Extracted information:
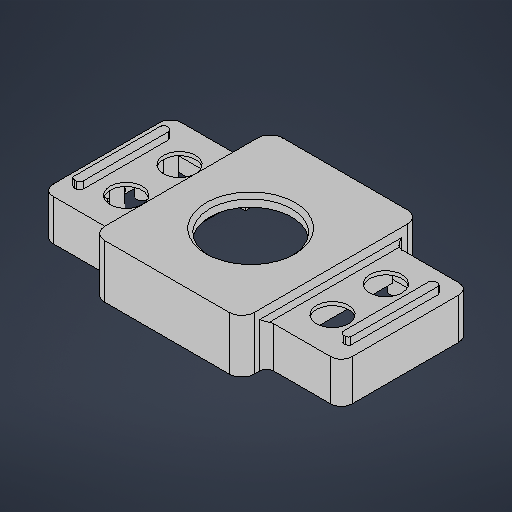
# Autodesk Inventor part: Part1
Saved by Autodesk Inventor 2026 (Build 300175000, 175)
## iProperties
Created: 2025-04-13
Part Number: Part1
Material: Generic
Document SubType Name: Modeling
Designer: ct_vi
Density: 1 g/cm^3
Appearance: Default
Author: ct_vi
Autodesk Inventor part; units mm, degrees
ref_plane "YZ Plane" through (0, 0, 0) normal (1, 0, 0) x (0, 1, 0)
ref_plane "XZ Plane" through (0, 0, 0) normal (0, 1, 0) x (-1, 0, 0)
ref_plane "XY Plane" through (0, 0, 0) normal (0, 0, 1) x (1, 0, 0)
sketch "Sketch1" plane through (0, 0, 0) normal (0, 1, 0) x (-1, 0, 0)
  circle A0 centre (0, 1.5) radius 11.5
  circle A1 centre (0, 1.5) radius 12.5
  line L0 (19.0144, -21.3297) -> (-18.8688, -21.3297) construction
  line L1 (-18.8688, -21.3297) -> (-18.8688, 21.6448) construction
  line L2 (-18.8688, 21.6448) -> (19.0144, 21.6448) construction
  line L3 (19.0144, 21.6448) -> (19.0144, -21.3297) construction
  line L4 (-2.25, -4) -> (-2.25, -8.7)
  line L5 (-2.25, -8.7) -> (2.25, -8.7)
  line L6 (2.25, -8.7) -> (2.25, -4)
  line L7 (2.25, -4) -> (-2.25, -4)
  line L8 (5.9381, 2.2148) -> (9.8353, 4.4648)
  line L9 (9.8353, 4.4648) -> (7.4853, 8.5352)
  line L10 (7.4853, 8.5352) -> (3.5881, 6.2852)
  line L11 (5.9381, 2.2148) -> (3.5881, 6.2852)
  line L12 (-3.5881, 6.2852) -> (-7.4853, 8.5352)
  line L13 (-7.4853, 8.5352) -> (-9.8353, 4.4648)
  line L14 (-9.8353, 4.4648) -> (-5.9381, 2.2148)
  line L15 (-3.5881, 6.2852) -> (-5.9381, 2.2148)
  circle A2 centre (10.199, -17.6855) radius 1.5
  circle A3 centre (-10.301, 18.0645) radius 1.5
  circle A4 centre (10.199, 18.0645) radius 1.5
  circle A5 centre (-10.301, -17.6855) radius 1.5
  line L16 (10.199, -17.6855) -> (-10.301, -17.6855)
  line L17 (-10.301, -17.6855) -> (-10.301, 18.0645)
  line L18 (-10.301, 18.0645) -> (10.199, 18.0645)
  line L19 (10.199, 18.0645) -> (10.199, -17.6855)
  line L20 (18, -22) -> (-18, -22)
  line L21 (-18, -22) -> (-18, 22)
  line L22 (-18, 22) -> (18, 22)
  line L23 (18, 22) -> (18, -22)
  line L24 (18, -22) -> (-18, 22) construction
  line L25 (-18, -22) -> (18, 22) construction
  line L26 (17.5, -25) -> (-17.5, -25)
  line L27 (-21, -21.5) -> (-21, 21.5)
  line L28 (-17.5, 25) -> (17.5, 25)
  line L29 (21, -25) -> (-21, 25) construction
  line L30 (-21, -25) -> (21, 25) construction
  arc A6 (-17.5, 25) -> (-21, 21.5) centre (-17.5, 21.5) ccw
  arc A7 (-21, -21.5) -> (-17.5, -25) centre (-17.5, -21.5) ccw
  line L31 (17.5, -23) -> (-17.5, -23)
  line L32 (-19, -21.5) -> (-19, 21.5)
  line L33 (-17.5, 23) -> (17.5, 23)
  line L34 (19, 21.5) -> (19, -21.5)
  line L35 (19, -23) -> (-19, 23) construction
  line L36 (-19, -23) -> (19, 23) construction
  arc A8 (-17.5, 23) -> (-19, 21.5) centre (-17.5, 21.5) ccw
  arc A9 (-19, -21.5) -> (-17.5, -23) centre (-17.5, -21.5) ccw
  line L37 (9.2678, 19.2405) -> (9.2678, 16.8886)
  line L38 (9.2678, -16.5095) -> (9.2678, -18.8614)
  line L39 (-9.3698, 19.2405) -> (-9.3698, 16.8886)
  line L40 (-9.3698, -16.5095) -> (-9.3698, -18.8614)
  line L41 (17.5, -24) -> (-17.5, -24)
  line L42 (-20, -21.5) -> (-20, 21.5)
  line L43 (-17.5, 24) -> (17.5, 24)
  line L44 (20, -24) -> (-20, 24) construction
  line L45 (-20, -24) -> (20, 24) construction
  arc A10 (-17.5, 24) -> (-20, 21.5) centre (-17.5, 21.5) ccw
  arc A11 (-20, -21.5) -> (-17.5, -24) centre (-17.5, -21.5) ccw
  line L46 (21, -21.5) -> (21, 21.5)
  line L47 (20, 21.5) -> (20, -21.5)
  arc A12 (17.5, -24) -> (20, -21.5) centre (17.5, -21.5) ccw
  arc A13 (17.5, -25) -> (21, -21.5) centre (17.5, -21.5) ccw
  arc A14 (17.5, -23) -> (19, -21.5) centre (17.5, -21.5) ccw
  arc A15 (21, 21.5) -> (17.5, 25) centre (17.5, 21.5) ccw
  arc A16 (20, 21.5) -> (17.5, 24) centre (17.5, 21.5) ccw
  arc A17 (19, 21.5) -> (17.5, 23) centre (17.5, 21.5) ccw
  line L48 (19, -15) -> (19, 15)
  line L49 (19, 16) -> (19, -16)
  line L50 (19, -16) -> (19, 16)
  line L51 (20, -17) -> (20, 17)
  line L52 (21, -18) -> (21, 18)
  line L53 (19, -15) -> (21.5, -15)
  line L54 (21.5, -15) -> (21.5, 16)
  line L55 (21.5, 16) -> (19, 16)
  line L56 (19, 16) -> (19, -15)
  line L57 (-19, -15) -> (-19, 15)
  line L58 (-19, -16) -> (-19, 16)
  line L59 (-21, -18) -> (-21, 19)
  line L60 (-20, -17) -> (-20, 17)
  line L61 (-20, -17) -> (-20, 17)
  line L62 (-19, -16) -> (-19, 16)
  line L63 (-19, 16) -> (-21.5, 16)
  line L64 (-21.5, 16) -> (-21.5, -16)
  line L65 (-21.5, -16) -> (-19, -16)
  line L66 (-19, -16) -> (-19, 16)
  line L67 (14, -15) -> (14, 0)
  line L68 (21, -15) -> (20, -15)
  line L69 (20, -15) -> (20, -16.5095)
  line L70 (21, -16.5095) -> (21, -15)
  line L71 (21, -15) -> (19, -15)
  line L72 (19, -15) -> (19, -16)
  line L73 (19, -16) -> (21, -16)
  line L74 (21, -16) -> (21, -15)
  line L75 (21, -16) -> (19, -16)
  line L76 (19, -16) -> (19, -17)
  line L77 (19, -17) -> (21, -17)
  line L78 (21, -17) -> (21, -16)
  line L79 (21, -17) -> (19, -17)
  line L80 (19, -17) -> (19, -18)
  line L81 (19, -18) -> (21, -18)
  line L82 (21, -18) -> (21, -17)
  line L83 (21, 16) -> (19, 16)
  line L84 (19, 16) -> (19, 18)
  line L85 (19, 18) -> (21, 18)
  line L86 (21, 18) -> (21, 16)
  line L87 (21, 18) -> (19, 18)
  line L88 (19, 18) -> (19, 19)
  line L89 (19, 19) -> (21, 19)
  line L90 (21, 19) -> (21, 18)
  line L91 (21, 18) -> (19, 18)
  line L92 (19, 18) -> (19, 17)
  line L93 (19, 17) -> (21, 17)
  line L94 (21, 17) -> (21, 18)
  line L95 (-19, 16) -> (-21, 16)
  line L96 (-21, 16) -> (-21, 17)
  line L97 (-21, 17) -> (-19, 17)
  line L98 (-19, 17) -> (-19, 16)
  line L99 (-21, 17) -> (-19, 17)
  line L100 (-19, 17) -> (-19, 18)
  line L101 (-19, 18) -> (-21, 18)
  line L102 (-21, 18) -> (-21, 17)
  line L103 (-21, 18) -> (-19, 18)
  line L104 (-19, 18) -> (-19, 19)
  line L105 (-19, 19) -> (-21, 19)
  line L106 (-21, 19) -> (-21, 18)
  line L107 (-19, -16) -> (-21, -16)
  line L108 (-21, -16) -> (-21, -17)
  line L109 (-21, -17) -> (-19, -17)
  line L110 (-19, -17) -> (-19, -16)
  line L111 (-21, -17) -> (-19, -17)
  line L112 (-19, -17) -> (-19, -18)
  line L113 (-19, -18) -> (-21, -18)
  line L114 (-21, -18) -> (-21, -17)
  line L115 (-19, -18) -> (-21, -18)
  line L116 (-21, -18) -> (-21, -19)
  line L117 (-21, -19) -> (-19, -19)
  line L118 (-19, -19) -> (-19, -18)
  point P0 (0, 0)
  point P1 (21, -22)
  point P2 (21, 22)
  point P3 (19, 24)
  point P4 (19, -24)
  point P5 (-21, -16)
  point P6 (-21, 16)
  point P7 (21, 16)
  point P8 (21, -15)
  point P9 (-20, 17)
  point P10 (20, 16)
  point P11 (20, -18)
  dimension "d33" = 4.7
  dimension "d34" = 4.5
  dimension "d36" = 4.5
  dimension "d37" = 4.7
  dimension "d38" = 3
  dimension "d46" = 3
  dimension "d47" = 3
  dimension "d48" = 3
  dimension "d211" = 1.5
  dimension "d212" = 2.5
  dimension "d216" = 3.5
  dimension "d245" = 2.5
  dimension "d246" = 3.5
  dimension "d247" = 1.5
  dimension "d248" = 3.5
  dimension "d249" = 2.5
  dimension "d250" = 1.5
  dimension "d264" = 30
  dimension "d310" = 34
  dimension "d314" = 36
  dimension "d318" = 2.5
  dimension "d366" = 2.5
  dimension "d494" = 2
  dimension "d495" = 1
  dimension "d496" = 2
  dimension "d497" = 1
  dimension "d498" = 2
  dimension "d499" = 1
  dimension "d500" = 2
  dimension "d501" = 1
  dimension "d502" = 1
  dimension "d503" = 1
  dimension "d504" = 1
  dimension "d505" = 1
  dimension "d506" = 1
  dimension "d565" = 50
  constraints: 230 end point, 45 point on line, 39 parallel, 32 point on circle, 27 perpendicular, 24 tangent, 21 horizontal, 18 centre point, 9 midpoint, 1 vertical, 2 other
  measures "d33" distance of L4.start L4.end
  measures "d34" distance of L4.end L5.end
  measures "d36" distance of L8.start L8.end
  measures "d37" distance of L8.end L9.end
  measures "d38" diameter of A2
  measures "d46" diameter of A3
  measures "d47" diameter of A4
  measures "d48" diameter of A5
  measures "d211" radius of A9
  measures "d212" radius of A11
  measures "d216" radius of A7
  measures "d245" radius of A12
  measures "d246" radius of A13
  measures "d247" radius of A14
  measures "d248" radius of A15
  measures "d249" radius of A16
  measures "d250" radius of A17
  measures "d264" distance of L48.start L48.end
  measures "d310" distance of L51.start L51.end
  measures "d314" distance of L52.start L52.end
  measures "d318" distance of L55.end L54.end
  measures "d366" distance of L65.end L64.end
  measures "d494" distance of L73.end L50.start
  measures "d495" distance of L76.end L75.end
  measures "d496" distance of L81.end L80.end
  measures "d497" distance of L80.end L79.end
  measures "d498" distance of L84.end L85.end
  measures "d499" distance of L87.end L88.end
  measures "d500" distance of L96.end L97.end
  measures "d501" distance of L95.end L96.end
  measures "d502" distance of L100.end L99.end
  measures "d503" distance of L104.end L103.end
  measures "d504" distance of L108.end L107.end
  measures "d505" distance of L111.end L112.end
  measures "d506" distance of L116.end L115.end
  measures "d565" distance between parallel lines of L28 L26
extrude "Extrusion40" add sketch "Sketch1" against normal blind 2.5 contours A0 L19 A1 | A0 L17 A1 L19 | L19 A1 L17 A0 | A0 L17 A1
extrude "Extrusion41" add sketch "Sketch1" against normal blind 5 contours L19 L18 L37 A4 | A4 L37 L18 L19 | L19 L16 L38 A2 | A2 L38 L16 L19 | L17 L18 L39 A3 | A3 L39 L18 L17 | L17 L16 L40 A5 | A5 L40 L16 L17
extrude "Spec_Body" add sketch "Sketch1" along normal blind 0.5 and the other way blind 0.75 contours A1 L17 A3 L18 A4 L19 | L19 A2 L16 A5 L17 A1 | L19 L18 L37 A4 | A4 L37 L18 L19 | L19 L16 L38 A2 | A2 L38 L16 L19 | L17 L18 L39 A3 | A3 L39 L18 L17 | A4 L18 L37 | L17 L16 L40 A5 | A5 L40 L16 L17 | L38 L16 A2 | A3 L18 L39 | L39 L18 A3 | A4 L37 L18 | A5 L16 L40 | L40 L16 A5 | A2 L16 L38 | L20 L21 L22 L23 | L26 A7 L27 L117 L42 A11 L41 A12 L47 L81 L46 A13 | L81 L47 L77 L46 | L27 L113 L42 L117 | L77 L47 L73 L46 | L81 L34 L77 L47 | L47 A12 L41 A11 L42 L117 L32 A9 L31 A14 L34 L81 | L27 L109 L42 L113 | L42 L113 L32 L117 | L77 L34 L73 L47 | L34 A14 L31 A9 L32 A8 L33 A17 | L27 L65 L42 L109 | L42 L109 L32 L113 | L73 L47 L53 L46 | L27 L63 L42 L65 | L42 L65 L32 L109 | L53 L47 L55 L46 | L73 L34 L53 L47 | L27 L97 L42 L63 | L42 L63 L32 L65 | L55 L47 L93 L46 | L53 L34 L55 L47 | L27 L101 L42 L97 | L42 L97 L32 L63 | L93 L47 L85 L46 | L55 L34 L93 L47 | L27 L105 L42 L101 | L42 L101 L32 L97 | L85 L47 L89 L46 | L93 L34 L85 L47 | L27 A6 L28 A15 L46 L89 L47 A16 L43 A10 L42 L105 | L42 L105 L32 L101 | L85 L34 L89 L47 | L42 A10 L43 A16 L47 L89 L34 A17 L33 A8 L32 L105
ref_plane "Work Plane3" through (21, 0.5, 18) normal (0, 0, 1) x (1, 0, 0)
ref_plane "Work Plane4" through (21, -3, 18) normal (0, 1, 0) x (1, 0, 0)
sketch "Sketch10" plane through (21, -3, 18) normal (0, 1, 0) x (1, 0, 0)
  line L0 (0, 1) -> (0, 35) projected
  line L1 (0, 35) -> (18, 35)
  line L2 (20, 33) -> (20, 3)
  line L3 (18, 1) -> (0, 1)
  line L4 (0, 1) -> (0, 35)
  arc A0 (20, 33) -> (18, 35) centre (18, 33) ccw
  arc A1 (18, 1) -> (20, 3) centre (18, 3) ccw
  line L5 (0, 0) -> (0, 1) projected
  line L6 (0, 0) -> (18, 0)
  line L7 (21, 3) -> (21, 33)
  line L8 (18, 36) -> (0, 36)
  line L9 (0, 36) -> (0, 0)
  arc A2 (21, 33) -> (18, 36) centre (18, 33) ccw
  arc A3 (18, 0) -> (21, 3) centre (18, 3) ccw
  line L10 (0, 35) -> (0, 34)
  line L11 (0, 34) -> (18, 34)
  line L12 (19, 33) -> (19, 3)
  line L13 (18, 2) -> (0, 2)
  line L14 (0, 2) -> (0, 34)
  line L15 (0, 34) -> (0, 33)
  line L16 (0, 33) -> (18, 33)
  line L17 (18, 33) -> (18, 3)
  line L18 (18, 3) -> (0, 3)
  line L19 (0, 3) -> (0, 33)
  arc A4 (19, 33) -> (18, 34) centre (18, 33) ccw
  arc A5 (18, 2) -> (19, 3) centre (18, 3) ccw
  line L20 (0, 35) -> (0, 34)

What to do:
A verbatim transcription is needed of the lines above, starting at the line with "line L57 (-19, -15) -> (-19, 15)" and ending at the line with "line L92 (19, 18) -> (19, 17)", both included, and of nothing else.

Response to the task:
  line L57 (-19, -15) -> (-19, 15)
  line L58 (-19, -16) -> (-19, 16)
  line L59 (-21, -18) -> (-21, 19)
  line L60 (-20, -17) -> (-20, 17)
  line L61 (-20, -17) -> (-20, 17)
  line L62 (-19, -16) -> (-19, 16)
  line L63 (-19, 16) -> (-21.5, 16)
  line L64 (-21.5, 16) -> (-21.5, -16)
  line L65 (-21.5, -16) -> (-19, -16)
  line L66 (-19, -16) -> (-19, 16)
  line L67 (14, -15) -> (14, 0)
  line L68 (21, -15) -> (20, -15)
  line L69 (20, -15) -> (20, -16.5095)
  line L70 (21, -16.5095) -> (21, -15)
  line L71 (21, -15) -> (19, -15)
  line L72 (19, -15) -> (19, -16)
  line L73 (19, -16) -> (21, -16)
  line L74 (21, -16) -> (21, -15)
  line L75 (21, -16) -> (19, -16)
  line L76 (19, -16) -> (19, -17)
  line L77 (19, -17) -> (21, -17)
  line L78 (21, -17) -> (21, -16)
  line L79 (21, -17) -> (19, -17)
  line L80 (19, -17) -> (19, -18)
  line L81 (19, -18) -> (21, -18)
  line L82 (21, -18) -> (21, -17)
  line L83 (21, 16) -> (19, 16)
  line L84 (19, 16) -> (19, 18)
  line L85 (19, 18) -> (21, 18)
  line L86 (21, 18) -> (21, 16)
  line L87 (21, 18) -> (19, 18)
  line L88 (19, 18) -> (19, 19)
  line L89 (19, 19) -> (21, 19)
  line L90 (21, 19) -> (21, 18)
  line L91 (21, 18) -> (19, 18)
  line L92 (19, 18) -> (19, 17)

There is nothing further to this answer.